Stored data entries
————

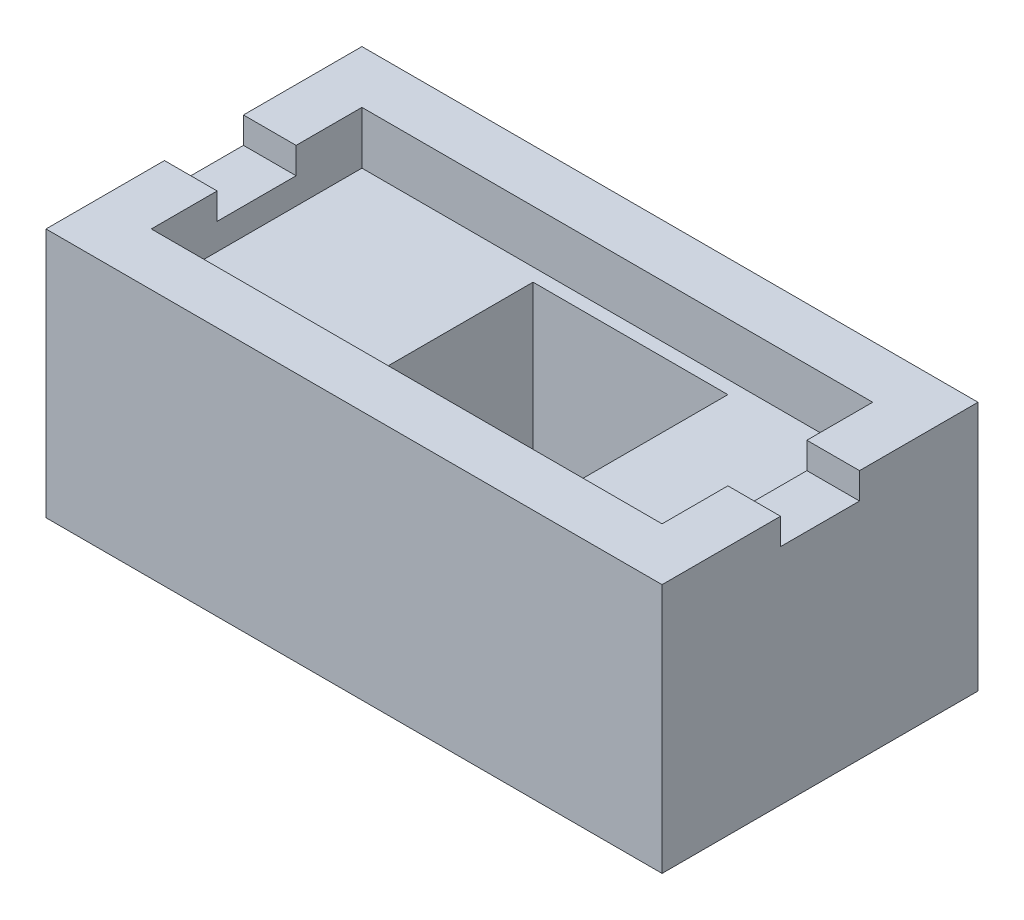
ISO-10303-21;
HEADER;
FILE_DESCRIPTION(('STEP AP214'),'2;1');
FILE_NAME('part.step','',(''),(''),'','','');
FILE_SCHEMA(('AUTOMOTIVE_DESIGN { 1 0 10303 214 1 1 1 1 }'));
ENDSEC;
DATA;
#1=APPLICATION_CONTEXT('core data for automotive mechanical design processes');
#2=APPLICATION_PROTOCOL_DEFINITION('international standard','automotive_design',2000,#1);
#3=PRODUCT_CONTEXT('',#1,'mechanical');
#4=PRODUCT('Part','Part','',(#3));
#5=PRODUCT_RELATED_PRODUCT_CATEGORY('part','',(#4));
#6=PRODUCT_DEFINITION_FORMATION('','',#4);
#7=PRODUCT_DEFINITION_CONTEXT('part definition',#1,'design');
#8=PRODUCT_DEFINITION('design','',#6,#7);
#9=PRODUCT_DEFINITION_SHAPE('','',#8);
#10=(LENGTH_UNIT() NAMED_UNIT(*) SI_UNIT(.MILLI.,.METRE.));
#11=(NAMED_UNIT(*) PLANE_ANGLE_UNIT() SI_UNIT($,.RADIAN.));
#12=(NAMED_UNIT(*) SI_UNIT($,.STERADIAN.) SOLID_ANGLE_UNIT());
#13=UNCERTAINTY_MEASURE_WITH_UNIT(LENGTH_MEASURE(1.E-05),#10,'distance_accuracy_value','');
#14=(GEOMETRIC_REPRESENTATION_CONTEXT(3) GLOBAL_UNCERTAINTY_ASSIGNED_CONTEXT((#13)) GLOBAL_UNIT_ASSIGNED_CONTEXT((#10,
#11,#12)) REPRESENTATION_CONTEXT('',''));
#15=CARTESIAN_POINT('',(0.,0.,0.));
#16=DIRECTION('',(0.,0.,1.));
#17=DIRECTION('',(1.,0.,0.));
#18=AXIS2_PLACEMENT_3D('',#15,#16,#17);
#19=CARTESIAN_POINT('',(9.,9.5,2.5));
#20=DIRECTION('',(0.,0.,-1.));
#21=DIRECTION('',(-1.,0.,0.));
#22=AXIS2_PLACEMENT_3D('',#19,#20,#21);
#23=PLANE('',#22);
#24=DIRECTION('',(1.,0.,0.));
#25=VECTOR('',#24,1.);
#26=CARTESIAN_POINT('',(9.,7.5,2.5));
#27=LINE('',#26,#25);
#28=CARTESIAN_POINT('',(9.,7.5,2.5));
#29=VERTEX_POINT('',#28);
#30=CARTESIAN_POINT('',(16.4,7.5,2.5));
#31=VERTEX_POINT('',#30);
#32=EDGE_CURVE('E73',#29,#31,#27,.T.);
#33=ORIENTED_EDGE('',*,*,#32,.F.);
#34=DIRECTION('',(0.,-1.,0.));
#35=VECTOR('',#34,1.);
#36=CARTESIAN_POINT('',(9.,9.5,2.5));
#37=LINE('',#36,#35);
#38=CARTESIAN_POINT('',(9.,0.,2.5));
#39=VERTEX_POINT('',#38);
#40=EDGE_CURVE('E299',#29,#39,#37,.T.);
#41=ORIENTED_EDGE('',*,*,#40,.T.);
#42=DIRECTION('',(1.,0.,0.));
#43=VECTOR('',#42,1.);
#44=CARTESIAN_POINT('',(9.,0.,2.5));
#45=LINE('',#44,#43);
#46=CARTESIAN_POINT('',(16.4,0.,2.5));
#47=VERTEX_POINT('',#46);
#48=EDGE_CURVE('E286',#39,#47,#45,.T.);
#49=ORIENTED_EDGE('',*,*,#48,.T.);
#50=DIRECTION('',(0.,-1.,0.));
#51=VECTOR('',#50,1.);
#52=CARTESIAN_POINT('',(16.4,9.5,2.5));
#53=LINE('',#52,#51);
#54=EDGE_CURVE('E298',#31,#47,#53,.T.);
#55=ORIENTED_EDGE('',*,*,#54,.F.);
#56=EDGE_LOOP('',(#33,#41,#49,#55));
#57=FACE_BOUND('',#56,.T.);
#58=ADVANCED_FACE('F59',(#57),#23,.F.);
#59=CARTESIAN_POINT('',(9.,9.5,2.5));
#60=DIRECTION('',(1.,0.,0.));
#61=DIRECTION('',(0.,0.,-1.));
#62=AXIS2_PLACEMENT_3D('',#59,#60,#61);
#63=PLANE('',#62);
#64=ORIENTED_EDGE('',*,*,#40,.F.);
#65=DIRECTION('',(0.,0.,1.));
#66=VECTOR('',#65,1.);
#67=CARTESIAN_POINT('',(9.,7.5,2.5));
#68=LINE('',#67,#66);
#69=CARTESIAN_POINT('',(9.,7.5,9.5));
#70=VERTEX_POINT('',#69);
#71=EDGE_CURVE('E249',#29,#70,#68,.T.);
#72=ORIENTED_EDGE('',*,*,#71,.T.);
#73=DIRECTION('',(0.,-1.,0.));
#74=VECTOR('',#73,1.);
#75=CARTESIAN_POINT('',(9.,9.5,9.5));
#76=LINE('',#75,#74);
#77=CARTESIAN_POINT('',(9.,0.,9.5));
#78=VERTEX_POINT('',#77);
#79=EDGE_CURVE('E302',#70,#78,#76,.T.);
#80=ORIENTED_EDGE('',*,*,#79,.T.);
#81=DIRECTION('',(0.,0.,1.));
#82=VECTOR('',#81,1.);
#83=CARTESIAN_POINT('',(9.,0.,2.5));
#84=LINE('',#83,#82);
#85=EDGE_CURVE('E295',#39,#78,#84,.T.);
#86=ORIENTED_EDGE('',*,*,#85,.F.);
#87=EDGE_LOOP('',(#64,#72,#80,#86));
#88=FACE_BOUND('',#87,.T.);
#89=ADVANCED_FACE('F409',(#88),#63,.T.);
#90=CARTESIAN_POINT('',(9.,9.5,9.5));
#91=DIRECTION('',(0.,0.,-1.));
#92=DIRECTION('',(-1.,0.,0.));
#93=AXIS2_PLACEMENT_3D('',#90,#91,#92);
#94=PLANE('',#93);
#95=ORIENTED_EDGE('',*,*,#79,.F.);
#96=DIRECTION('',(1.,0.,0.));
#97=VECTOR('',#96,1.);
#98=CARTESIAN_POINT('',(9.,7.5,9.5));
#99=LINE('',#98,#97);
#100=CARTESIAN_POINT('',(16.4,7.5,9.5));
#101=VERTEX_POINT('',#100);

————

▸ **Problem**
Repeat each entry exactly. Pictures do not belong in the copy.

▸ **Written reply**
ISO-10303-21;
HEADER;
FILE_DESCRIPTION(('STEP AP214'),'2;1');
FILE_NAME('part.step','',(''),(''),'','','');
FILE_SCHEMA(('AUTOMOTIVE_DESIGN { 1 0 10303 214 1 1 1 1 }'));
ENDSEC;
DATA;
#1=APPLICATION_CONTEXT('core data for automotive mechanical design processes');
#2=APPLICATION_PROTOCOL_DEFINITION('international standard','automotive_design',2000,#1);
#3=PRODUCT_CONTEXT('',#1,'mechanical');
#4=PRODUCT('Part','Part','',(#3));
#5=PRODUCT_RELATED_PRODUCT_CATEGORY('part','',(#4));
#6=PRODUCT_DEFINITION_FORMATION('','',#4);
#7=PRODUCT_DEFINITION_CONTEXT('part definition',#1,'design');
#8=PRODUCT_DEFINITION('design','',#6,#7);
#9=PRODUCT_DEFINITION_SHAPE('','',#8);
#10=(LENGTH_UNIT() NAMED_UNIT(*) SI_UNIT(.MILLI.,.METRE.));
#11=(NAMED_UNIT(*) PLANE_ANGLE_UNIT() SI_UNIT($,.RADIAN.));
#12=(NAMED_UNIT(*) SI_UNIT($,.STERADIAN.) SOLID_ANGLE_UNIT());
#13=UNCERTAINTY_MEASURE_WITH_UNIT(LENGTH_MEASURE(1.E-05),#10,'distance_accuracy_value','');
#14=(GEOMETRIC_REPRESENTATION_CONTEXT(3) GLOBAL_UNCERTAINTY_ASSIGNED_CONTEXT((#13)) GLOBAL_UNIT_ASSIGNED_CONTEXT((#10,
#11,#12)) REPRESENTATION_CONTEXT('',''));
#15=CARTESIAN_POINT('',(0.,0.,0.));
#16=DIRECTION('',(0.,0.,1.));
#17=DIRECTION('',(1.,0.,0.));
#18=AXIS2_PLACEMENT_3D('',#15,#16,#17);
#19=CARTESIAN_POINT('',(9.,9.5,2.5));
#20=DIRECTION('',(0.,0.,-1.));
#21=DIRECTION('',(-1.,0.,0.));
#22=AXIS2_PLACEMENT_3D('',#19,#20,#21);
#23=PLANE('',#22);
#24=DIRECTION('',(1.,0.,0.));
#25=VECTOR('',#24,1.);
#26=CARTESIAN_POINT('',(9.,7.5,2.5));
#27=LINE('',#26,#25);
#28=CARTESIAN_POINT('',(9.,7.5,2.5));
#29=VERTEX_POINT('',#28);
#30=CARTESIAN_POINT('',(16.4,7.5,2.5));
#31=VERTEX_POINT('',#30);
#32=EDGE_CURVE('E73',#29,#31,#27,.T.);
#33=ORIENTED_EDGE('',*,*,#32,.F.);
#34=DIRECTION('',(0.,-1.,0.));
#35=VECTOR('',#34,1.);
#36=CARTESIAN_POINT('',(9.,9.5,2.5));
#37=LINE('',#36,#35);
#38=CARTESIAN_POINT('',(9.,0.,2.5));
#39=VERTEX_POINT('',#38);
#40=EDGE_CURVE('E299',#29,#39,#37,.T.);
#41=ORIENTED_EDGE('',*,*,#40,.T.);
#42=DIRECTION('',(1.,0.,0.));
#43=VECTOR('',#42,1.);
#44=CARTESIAN_POINT('',(9.,0.,2.5));
#45=LINE('',#44,#43);
#46=CARTESIAN_POINT('',(16.4,0.,2.5));
#47=VERTEX_POINT('',#46);
#48=EDGE_CURVE('E286',#39,#47,#45,.T.);
#49=ORIENTED_EDGE('',*,*,#48,.T.);
#50=DIRECTION('',(0.,-1.,0.));
#51=VECTOR('',#50,1.);
#52=CARTESIAN_POINT('',(16.4,9.5,2.5));
#53=LINE('',#52,#51);
#54=EDGE_CURVE('E298',#31,#47,#53,.T.);
#55=ORIENTED_EDGE('',*,*,#54,.F.);
#56=EDGE_LOOP('',(#33,#41,#49,#55));
#57=FACE_BOUND('',#56,.T.);
#58=ADVANCED_FACE('F59',(#57),#23,.F.);
#59=CARTESIAN_POINT('',(9.,9.5,2.5));
#60=DIRECTION('',(1.,0.,0.));
#61=DIRECTION('',(0.,0.,-1.));
#62=AXIS2_PLACEMENT_3D('',#59,#60,#61);
#63=PLANE('',#62);
#64=ORIENTED_EDGE('',*,*,#40,.F.);
#65=DIRECTION('',(0.,0.,1.));
#66=VECTOR('',#65,1.);
#67=CARTESIAN_POINT('',(9.,7.5,2.5));
#68=LINE('',#67,#66);
#69=CARTESIAN_POINT('',(9.,7.5,9.5));
#70=VERTEX_POINT('',#69);
#71=EDGE_CURVE('E249',#29,#70,#68,.T.);
#72=ORIENTED_EDGE('',*,*,#71,.T.);
#73=DIRECTION('',(0.,-1.,0.));
#74=VECTOR('',#73,1.);
#75=CARTESIAN_POINT('',(9.,9.5,9.5));
#76=LINE('',#75,#74);
#77=CARTESIAN_POINT('',(9.,0.,9.5));
#78=VERTEX_POINT('',#77);
#79=EDGE_CURVE('E302',#70,#78,#76,.T.);
#80=ORIENTED_EDGE('',*,*,#79,.T.);
#81=DIRECTION('',(0.,0.,1.));
#82=VECTOR('',#81,1.);
#83=CARTESIAN_POINT('',(9.,0.,2.5));
#84=LINE('',#83,#82);
#85=EDGE_CURVE('E295',#39,#78,#84,.T.);
#86=ORIENTED_EDGE('',*,*,#85,.F.);
#87=EDGE_LOOP('',(#64,#72,#80,#86));
#88=FACE_BOUND('',#87,.T.);
#89=ADVANCED_FACE('F409',(#88),#63,.T.);
#90=CARTESIAN_POINT('',(9.,9.5,9.5));
#91=DIRECTION('',(0.,0.,-1.));
#92=DIRECTION('',(-1.,0.,0.));
#93=AXIS2_PLACEMENT_3D('',#90,#91,#92);
#94=PLANE('',#93);
#95=ORIENTED_EDGE('',*,*,#79,.F.);
#96=DIRECTION('',(1.,0.,0.));
#97=VECTOR('',#96,1.);
#98=CARTESIAN_POINT('',(9.,7.5,9.5));
#99=LINE('',#98,#97);
#100=CARTESIAN_POINT('',(16.4,7.5,9.5));
#101=VERTEX_POINT('',#100);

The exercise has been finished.